At half past seven he had finished his search of the farmhouse, and had found nothing to explain the sensational interest in it. He was hungry as well as disappointed when he went downstairs. He drew the blinds a little, so that anyone who wanted to see inside would have to come close to each window, and then went into the kitchen, opened the back door, and hobbled out, shoulders bent and head towards the ground. A man called : “Good morning, Smith.”

“‘Morn’n,” Rollison grunted, without looking up. He shuffled across to the hen coops and unfastened them, and was on his way back when the first hen was sprawling about the muddy yard. The policeman who had spoken came no nearer. Rollison went back into the kitchen and closed the door. Out of the line of vision of anyone at the window, he straightened up, and raided the larder. There were plenty of eggs, a piece of bacon, bread, butter, everything he wanted. He found the frying slow on the oil stove, but eggs and bacon as succulent as Jolly’s at his best. The bread was stale and chawy, and he missed toast. He brewed strong tea, pondering the mystery all the time, and wondered how long it would be before someone called.

He couldn’t face the scrutiny of anyone who knew Smith, or even of anyone who knew that he was old, but the half-drawn blinds made it so gloomy in here that he might get away with a brief encounter.

One question was on his mind all the time. If the value of Selby Farm wasn’t in the farmhouse, where was it?

He was fooling himself, of course; there was no way of being sure that he’d searched everywhere. The roof might hold the secret. If he took up the floorboards in any room he might find what he wanted. That was like asking for the moon.

He wondered where Brandt was : who was the American who had telephoned the previous night: what Grice was thinking, and more important, what he was planning to do ? He wondered how well Gillian had slept, and where she was now : and whether she was with her brother and M.M.M.

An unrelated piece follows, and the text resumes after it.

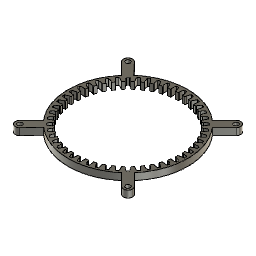
second_internal_gear_49.438mm_diameter v3 (Autodesk Fusion 360 design; units mm, degrees)
Autodesk Fusion 360 part; units mm, degrees
sketch "Sketch1" plane through (0, 0, 0) normal (0, 0, 1) x (1, 0, 0)
  spline S0 degree 5 poles (23.2193, -0.889) (23.2194, -0.889) (23.2195, -0.889) (23.2198, -0.889) (23.2203, -0.8891) (23.2209, -0.8891) (23.2217, -0.8891) (23.2226, -0.8891) (23.2235, -0.8891) (23.2246, -0.8891) (23.2257, -0.8892) (23.227, -0.8892) (23.2283, -0.8892) (23.2298, -0.8892) (23.2313, -0.8892) (23.2329, -0.8892) (23.2346, -0.8892) (23.2364, -0.8892) (23.2383, -0.8892) (23.2403, -0.8892) (23.2423, -0.8892) (23.2445, -0.8892) (23.2467, -0.8892) (23.249, -0.8891) (23.2514, -0.8891) (23.2539, -0.8891) (23.2565, -0.889) (23.2591, -0.889) (23.2618, -0.8889) (23.2646, -0.8888) (23.2675, -0.8888) (23.2704, -0.8887) (23.2735, -0.8886) (23.2766, -0.8885) (23.2798, -0.8884) (23.283, -0.8883) (23.2863, -0.8881) (23.2897, -0.888) (23.2932, -0.8879) (23.2968, -0.8877) (23.3004, -0.8876) (23.3041, -0.8874) (23.3079, -0.8872) (23.3117, -0.887) (23.3156, -0.8868) (23.3196, -0.8866) (23.3236, -0.8864) (23.3277, -0.8861) (23.3319, -0.8859) (23.3361, -0.8856) (23.3404, -0.8853) (23.3448, -0.8851) (23.3492, -0.8848) (23.3537, -0.8844) (23.3583, -0.8841) (23.3629, -0.8838) (23.3676, -0.8834) (23.3723, -0.8831) (23.3771, -0.8827) (23.382, -0.8823) (23.387, -0.8819) (23.3919, -0.8815) (23.397, -0.8811) (23.4021, -0.8806) (23.4073, -0.8802) (23.4125, -0.8797) (23.4178, -0.8792) (23.4232, -0.8787) (23.4286, -0.8782) (23.434, -0.8777) (23.4395, -0.8771) (23.4451, -0.8765) (23.4508, -0.876) (23.4564, -0.8754) (23.4622, -0.8748) (23.468, -0.8741) (23.4738, -0.8735) (23.4797, -0.8728) (23.4857, -0.8722) (23.4917, -0.8715) (23.4978, -0.8708) (23.5039, -0.87) (23.5101, -0.8693) (23.5163, -0.8685) (23.5225, -0.8678) (23.5289, -0.867) (23.5352, -0.8662) (23.5417, -0.8653) (23.5481, -0.8645) (23.5547, -0.8636) (23.5612, -0.8628) (23.5679, -0.8619) (23.5745, -0.8609) (23.5813, -0.86) (23.588, -0.8591) (23.5948, -0.8581) (23.6017, -0.8571) (23.6086, -0.8561) (23.6156, -0.8551) (23.6226, -0.854) (23.6296, -0.853) (23.6367, -0.8519) (23.6439, -0.8508) (23.6511, -0.8497) (23.6583, -0.8485) (23.6656, -0.8474) (23.6729, -0.8462) (23.6803, -0.845) (23.6877, -0.8438) (23.6951, -0.8425) (23.7026, -0.8413) (23.7102, -0.84) (23.7178, -0.8387) (23.7254, -0.8374) (23.7331, -0.8361) (23.7408, -0.8347) (23.7485, -0.8334) (23.7563, -0.832) (23.7642, -0.8305) (23.7721, -0.8291) (23.78, -0.8277) (23.788, -0.8262) (23.796, -0.8247) (23.804, -0.8232) (23.8121, -0.8216) (23.8202, -0.8201) (23.8284, -0.8185) (23.8366, -0.8169) (23.8448, -0.8153) (23.8531, -0.8136) (23.8614, -0.812) (23.8698, -0.8103) (23.8782, -0.8086) (23.8866, -0.8069) (23.8951, -0.8051) (23.9036, -0.8033) (23.9122, -0.8015) (23.9208, -0.7997) (23.9294, -0.7979) (23.9381, -0.796) (23.9468, -0.7942) (23.9555, -0.7923) (23.9643, -0.7903) (23.9731, -0.7884) (23.9819, -0.7864) (23.9908, -0.7844) (23.9997, -0.7824) (24.0087, -0.7804) (24.0176, -0.7783) (24.0267, -0.7763) (24.0357, -0.7742) (24.0448, -0.7721) (24.0539, -0.7699) (24.0631, -0.7677) (24.0723, -0.7656) (24.0815, -0.7633) (24.0908, -0.7611) (24.1001, -0.7588) (24.1094, -0.7566) (24.1188, -0.7543) (24.1282, -0.7519) (24.1376, -0.7496) (24.147, -0.7472) (24.1565, -0.7448) (24.1661, -0.7424) (24.1756, -0.74) (24.1852, -0.7375) (24.1948, -0.735) (24.2045, -0.7325) (24.2141, -0.73) (24.2239, -0.7274) (24.2336, -0.7248) (24.2434, -0.7222) (24.2532, -0.7196) (24.263, -0.717) (24.2729, -0.7143) (24.2828, -0.7116) (24.2927, -0.7089) (24.3027, -0.7061) (24.3126, -0.7033) (24.3227, -0.7006) (24.3327, -0.6977) (24.3428, -0.6949) (24.3529, -0.692) (24.363, -0.6891) (24.3732, -0.6862) (24.3834, -0.6833) (24.3936, -0.6803) (24.4038, -0.6774) (24.4141, -0.6743) (24.4244, -0.6713) (24.4347, -0.6683) (24.4451, -0.6652) (24.4555, -0.6621) (24.4659, -0.6589) (24.4763, -0.6558) (24.4868, -0.6526) (24.4973, -0.6494) (24.5078, -0.6462) (24.5184, -0.6429) (24.529, -0.6396) (24.5396, -0.6363) (24.5502, -0.633) (24.5608, -0.6297) (24.5715, -0.6263) (24.5822, -0.6229) (24.593, -0.6195) (24.6037, -0.616) (24.6145, -0.6126) (24.6253, -0.6091) (24.6361, -0.6055) (24.647, -0.602) (24.6579, -0.5984) (24.6688, -0.5948) (24.6797, -0.5912) (24.6907, -0.5875) (24.7017, -0.5839) (24.7127, -0.5802) (24.7237, -0.5764) (24.7348, -0.5727) (24.7458, -0.5689) (24.7569, -0.5651) (24.7681, -0.5613) (24.7792, -0.5575) (24.7904, -0.5536) (24.8016, -0.5497) (24.8128, -0.5458) (24.8241, -0.5418) (24.8353, -0.5378) (24.8466, -0.5338) (24.8579, -0.5298) (24.8693, -0.5258) (24.8806, -0.5217) (24.892, -0.5176) (24.9034, -0.5135) (24.9148, -0.5093) (24.9263, -0.5051) (24.9377, -0.5009) (24.9492, -0.4967) (24.9607, -0.4924) (24.9723, -0.4882) (24.9815, -0.4847) (24.9885, -0.4821) (24.9931, -0.4804) (24.9954, -0.4795) knots 0 0 0 0 0 0 0.00416667 0.00833333 0.0125 0.01666667 0.02083333 0.025 0.02916667 0.03333333 0.0375 0.04166667 0.04583333 0.05 0.05416667 0.05833333 0.0625 0.06666667 0.07083333 0.075 0.07916667 0.08333333 0.0875 0.09166667 0.09583333 0.1 0.10416667 0.10833333 0.1125 0.11666667 0.12083333 0.125 0.12916667 0.13333333 0.1375 0.14166667 0.14583333 0.15 0.15416667 0.15833333 0.1625 0.16666667 0.17083333 0.175 0.17916667 0.18333333 0.1875 0.19166667 0.19583333 0.2 0.20416667 0.20833333 0.2125 0.21666667 0.22083333 0.225 0.22916667 0.23333333 0.2375 0.24166667 0.24583333 0.25 0.25416667 0.25833333 0.2625 0.26666667 0.27083333 0.275 0.27916667 0.28333333 0.2875 0.29166667 0.29583333 0.3 0.30416667 0.30833333 0.3125 0.31666667 0.32083333 0.325 0.32916667 0.33333333 0.3375 0.34166667 0.34583333 0.35 0.35416667 0.35833333 0.3625 0.36666667 0.37083333 0.375 0.37916667 0.38333333 0.3875 0.39166667 0.39583333 0.4 0.40416667 0.40833333 0.4125 0.41666667 0.42083333 0.425 0.42916667 0.43333333 0.4375 0.44166667 0.44583333 0.45 0.45416667 0.45833333 0.4625 0.46666667 0.47083333 0.475 0.47916667 0.48333333 0.4875 0.49166667 0.49583333 0.5 0.50416667 0.50833333 0.5125 0.51666667 0.52083333 0.525 0.52916667 0.53333333 0.5375 0.54166667 0.54583333 0.55 0.55416667 0.55833333 0.5625 0.56666667 0.57083333 0.575 0.57916667 0.58333333 0.5875 0.59166667 0.59583333 0.6 0.60416667 0.60833333 0.6125 0.61666667 0.62083333 0.625 0.62916667 0.63333333 0.6375 0.64166667 0.64583333 0.65 0.65416667 0.65833333 0.6625 0.66666667 0.67083333 0.675 0.67916667 0.68333333 0.6875 0.69166667 0.69583333 0.7 0.70416667 0.70833333 0.7125 0.71666667 0.72083333 0.725 0.72916667 0.73333333 0.7375 0.74166667 0.74583333 0.75 0.75416667 0.75833333 0.7625 0.76666667 0.77083333 0.775 0.77916667 0.78333333 0.7875 0.79166667 0.79583333 0.8 0.80416667 0.80833333 0.8125 0.81666667 0.82083333 0.825 0.82916667 0.83333333 0.8375 0.84166667 0.84583333 0.85 0.85416667 0.85833333 0.8625 0.86666667 0.87083333 0.875 0.87916667 0.88333333 0.8875 0.89166667 0.89583333 0.9 0.90416667 0.90833333 0.9125 0.91666667 0.92083333 0.925 0.92916667 0.93333333 0.9375 0.94166667 0.94583333 0.95 0.95416667 0.95833333 0.9625 0.96666667 0.97083333 0.975 0.97916667 0.98333333 0.9875 0.99166667 0.99583333 1 1 1 1 1 1
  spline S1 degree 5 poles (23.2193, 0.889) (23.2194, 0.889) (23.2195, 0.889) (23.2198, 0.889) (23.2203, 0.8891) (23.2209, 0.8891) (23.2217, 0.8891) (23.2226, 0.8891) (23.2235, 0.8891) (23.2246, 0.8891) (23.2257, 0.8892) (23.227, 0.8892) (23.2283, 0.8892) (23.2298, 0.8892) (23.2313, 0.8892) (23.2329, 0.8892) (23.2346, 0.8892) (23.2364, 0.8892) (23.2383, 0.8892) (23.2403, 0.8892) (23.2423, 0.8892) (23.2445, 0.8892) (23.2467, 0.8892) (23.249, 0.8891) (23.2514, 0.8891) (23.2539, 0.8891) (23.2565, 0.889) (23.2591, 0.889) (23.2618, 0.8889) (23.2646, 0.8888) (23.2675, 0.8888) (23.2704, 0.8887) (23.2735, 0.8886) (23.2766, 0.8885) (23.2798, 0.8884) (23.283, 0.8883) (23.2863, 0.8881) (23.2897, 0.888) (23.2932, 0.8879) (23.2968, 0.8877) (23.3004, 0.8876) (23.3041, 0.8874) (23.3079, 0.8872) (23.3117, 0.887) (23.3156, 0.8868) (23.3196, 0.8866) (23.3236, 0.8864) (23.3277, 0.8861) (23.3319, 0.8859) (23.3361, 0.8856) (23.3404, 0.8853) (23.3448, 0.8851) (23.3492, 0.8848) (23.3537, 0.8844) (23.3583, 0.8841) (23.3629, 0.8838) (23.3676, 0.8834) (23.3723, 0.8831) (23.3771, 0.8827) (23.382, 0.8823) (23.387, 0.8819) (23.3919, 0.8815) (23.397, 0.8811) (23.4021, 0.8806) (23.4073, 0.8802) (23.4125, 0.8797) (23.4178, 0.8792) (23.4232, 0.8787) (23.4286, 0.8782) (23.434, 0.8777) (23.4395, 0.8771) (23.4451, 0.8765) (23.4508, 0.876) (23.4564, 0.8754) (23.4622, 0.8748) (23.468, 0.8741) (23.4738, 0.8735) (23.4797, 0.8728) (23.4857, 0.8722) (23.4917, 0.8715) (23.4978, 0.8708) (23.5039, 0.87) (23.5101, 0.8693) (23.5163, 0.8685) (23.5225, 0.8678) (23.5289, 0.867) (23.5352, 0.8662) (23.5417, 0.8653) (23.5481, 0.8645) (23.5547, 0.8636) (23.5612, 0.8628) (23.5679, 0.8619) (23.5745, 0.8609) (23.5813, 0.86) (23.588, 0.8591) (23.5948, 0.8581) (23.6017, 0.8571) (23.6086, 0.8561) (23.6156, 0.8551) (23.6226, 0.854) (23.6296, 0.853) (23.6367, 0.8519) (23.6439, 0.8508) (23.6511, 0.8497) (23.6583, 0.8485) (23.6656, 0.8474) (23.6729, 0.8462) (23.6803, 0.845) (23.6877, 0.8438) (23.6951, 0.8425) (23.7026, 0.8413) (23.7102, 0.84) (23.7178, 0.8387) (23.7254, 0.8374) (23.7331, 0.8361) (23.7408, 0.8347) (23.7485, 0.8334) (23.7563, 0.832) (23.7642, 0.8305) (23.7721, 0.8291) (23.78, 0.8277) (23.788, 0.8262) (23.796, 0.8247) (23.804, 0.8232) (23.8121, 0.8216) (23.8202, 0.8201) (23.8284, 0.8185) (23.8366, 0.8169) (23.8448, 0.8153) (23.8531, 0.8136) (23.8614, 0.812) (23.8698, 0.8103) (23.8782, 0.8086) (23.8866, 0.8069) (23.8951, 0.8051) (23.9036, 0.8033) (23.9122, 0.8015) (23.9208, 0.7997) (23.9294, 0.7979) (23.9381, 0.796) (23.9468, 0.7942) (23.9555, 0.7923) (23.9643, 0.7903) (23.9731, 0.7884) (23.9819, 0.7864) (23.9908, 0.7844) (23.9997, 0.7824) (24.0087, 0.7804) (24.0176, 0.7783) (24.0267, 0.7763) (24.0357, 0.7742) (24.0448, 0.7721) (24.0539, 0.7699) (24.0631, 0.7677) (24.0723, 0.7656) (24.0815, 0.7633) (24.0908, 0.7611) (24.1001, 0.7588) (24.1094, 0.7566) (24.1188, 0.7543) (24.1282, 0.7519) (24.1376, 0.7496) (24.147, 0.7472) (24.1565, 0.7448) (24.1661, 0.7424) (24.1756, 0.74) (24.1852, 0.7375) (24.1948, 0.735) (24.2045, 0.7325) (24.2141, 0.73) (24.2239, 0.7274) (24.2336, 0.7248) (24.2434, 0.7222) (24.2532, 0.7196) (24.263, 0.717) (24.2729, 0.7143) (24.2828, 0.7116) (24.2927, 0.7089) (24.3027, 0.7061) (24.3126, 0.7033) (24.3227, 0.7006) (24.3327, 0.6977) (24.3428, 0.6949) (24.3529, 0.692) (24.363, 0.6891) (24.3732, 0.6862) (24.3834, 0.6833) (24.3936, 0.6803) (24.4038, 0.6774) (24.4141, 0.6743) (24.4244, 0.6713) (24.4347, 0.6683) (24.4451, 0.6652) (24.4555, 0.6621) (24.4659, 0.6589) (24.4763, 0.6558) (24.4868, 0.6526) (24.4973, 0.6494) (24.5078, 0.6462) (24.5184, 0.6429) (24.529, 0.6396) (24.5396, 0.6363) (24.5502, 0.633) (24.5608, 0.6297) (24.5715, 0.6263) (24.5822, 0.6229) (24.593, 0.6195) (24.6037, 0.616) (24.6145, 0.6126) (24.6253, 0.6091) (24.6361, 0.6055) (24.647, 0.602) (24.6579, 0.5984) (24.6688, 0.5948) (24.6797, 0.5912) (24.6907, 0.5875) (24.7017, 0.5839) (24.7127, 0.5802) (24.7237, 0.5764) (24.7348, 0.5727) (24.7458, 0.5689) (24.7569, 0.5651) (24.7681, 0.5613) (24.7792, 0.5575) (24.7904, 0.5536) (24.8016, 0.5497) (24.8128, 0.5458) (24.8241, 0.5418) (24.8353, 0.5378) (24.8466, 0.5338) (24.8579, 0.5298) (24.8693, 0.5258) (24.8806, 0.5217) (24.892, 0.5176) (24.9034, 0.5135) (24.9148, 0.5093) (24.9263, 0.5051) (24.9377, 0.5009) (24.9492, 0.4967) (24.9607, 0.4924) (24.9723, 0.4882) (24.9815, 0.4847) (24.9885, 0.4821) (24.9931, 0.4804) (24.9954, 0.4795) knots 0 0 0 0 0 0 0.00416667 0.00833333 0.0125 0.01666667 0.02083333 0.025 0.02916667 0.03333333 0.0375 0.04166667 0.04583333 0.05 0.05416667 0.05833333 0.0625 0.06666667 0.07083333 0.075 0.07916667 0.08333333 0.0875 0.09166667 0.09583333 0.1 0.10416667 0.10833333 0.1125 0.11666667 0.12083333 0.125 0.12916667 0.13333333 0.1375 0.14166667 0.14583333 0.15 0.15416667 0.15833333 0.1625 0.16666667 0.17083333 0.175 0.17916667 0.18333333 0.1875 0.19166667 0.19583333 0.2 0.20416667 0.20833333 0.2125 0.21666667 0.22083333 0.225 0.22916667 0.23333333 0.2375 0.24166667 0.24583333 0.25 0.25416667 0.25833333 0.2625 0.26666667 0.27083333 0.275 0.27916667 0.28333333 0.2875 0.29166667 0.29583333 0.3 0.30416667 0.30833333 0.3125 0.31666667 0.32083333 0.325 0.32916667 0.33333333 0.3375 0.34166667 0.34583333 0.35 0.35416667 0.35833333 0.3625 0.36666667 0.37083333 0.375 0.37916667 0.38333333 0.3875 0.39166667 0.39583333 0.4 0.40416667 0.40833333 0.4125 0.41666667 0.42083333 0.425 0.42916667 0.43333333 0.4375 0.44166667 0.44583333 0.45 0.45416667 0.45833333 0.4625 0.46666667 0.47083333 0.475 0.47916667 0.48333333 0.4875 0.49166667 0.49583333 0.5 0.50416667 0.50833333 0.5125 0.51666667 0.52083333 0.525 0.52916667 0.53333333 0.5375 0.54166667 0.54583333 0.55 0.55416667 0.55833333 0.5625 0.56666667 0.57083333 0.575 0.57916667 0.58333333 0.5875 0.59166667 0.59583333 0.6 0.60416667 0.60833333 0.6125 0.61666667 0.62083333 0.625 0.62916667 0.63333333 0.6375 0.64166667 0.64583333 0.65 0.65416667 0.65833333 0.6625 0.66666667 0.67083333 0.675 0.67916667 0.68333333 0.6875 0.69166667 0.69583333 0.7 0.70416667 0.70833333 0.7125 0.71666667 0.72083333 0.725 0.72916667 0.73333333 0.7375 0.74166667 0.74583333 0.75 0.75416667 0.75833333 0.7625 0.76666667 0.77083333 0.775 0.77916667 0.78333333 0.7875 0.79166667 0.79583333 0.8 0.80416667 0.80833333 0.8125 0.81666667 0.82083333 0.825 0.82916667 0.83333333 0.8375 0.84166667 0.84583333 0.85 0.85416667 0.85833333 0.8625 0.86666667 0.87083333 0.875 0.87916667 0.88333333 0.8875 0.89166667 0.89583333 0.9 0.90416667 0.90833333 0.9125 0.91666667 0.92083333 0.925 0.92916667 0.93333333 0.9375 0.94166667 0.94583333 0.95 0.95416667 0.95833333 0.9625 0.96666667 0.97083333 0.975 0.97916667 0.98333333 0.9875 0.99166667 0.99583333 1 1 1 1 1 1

Peculiar character, Montagu Montmorency Mome.

Rollison was picturing M.M.M. telling him that he wasn’t wanted, when he heard the sound of a car engine. He hurried to the front room to peer out, and saw Morne’s car. Getting out of it was Gillian, and at the wheel was M.M.M. himself.

The police wouldn’t be far behind.

18

FORLORN HOPE?

ROLLISON would not be able to fool Mome, and dare not let the girl come face to face with him. He saw Gillian’s pale face, and guessed from the brightness of her eyes that she hadn’t slept much. M.M.M. looked pale and tired, too. He was getting out of the car clumsily, and Rollison thought back to the accident, and wondered whether the change in him had started from the time of that dread happening.

Gillian had come on ahead, and was at the door and out of Rollison’s sight. She knocked. Odd; one would have expected her to go to the back entrance for she knew Smith well enough. She knocked again, as M.M.M. called out:

“The old devil will pretend he can’t hear. Go round to the back.”

“He won’t talk to me if I do, he’s always ordered me to knock at the front door.”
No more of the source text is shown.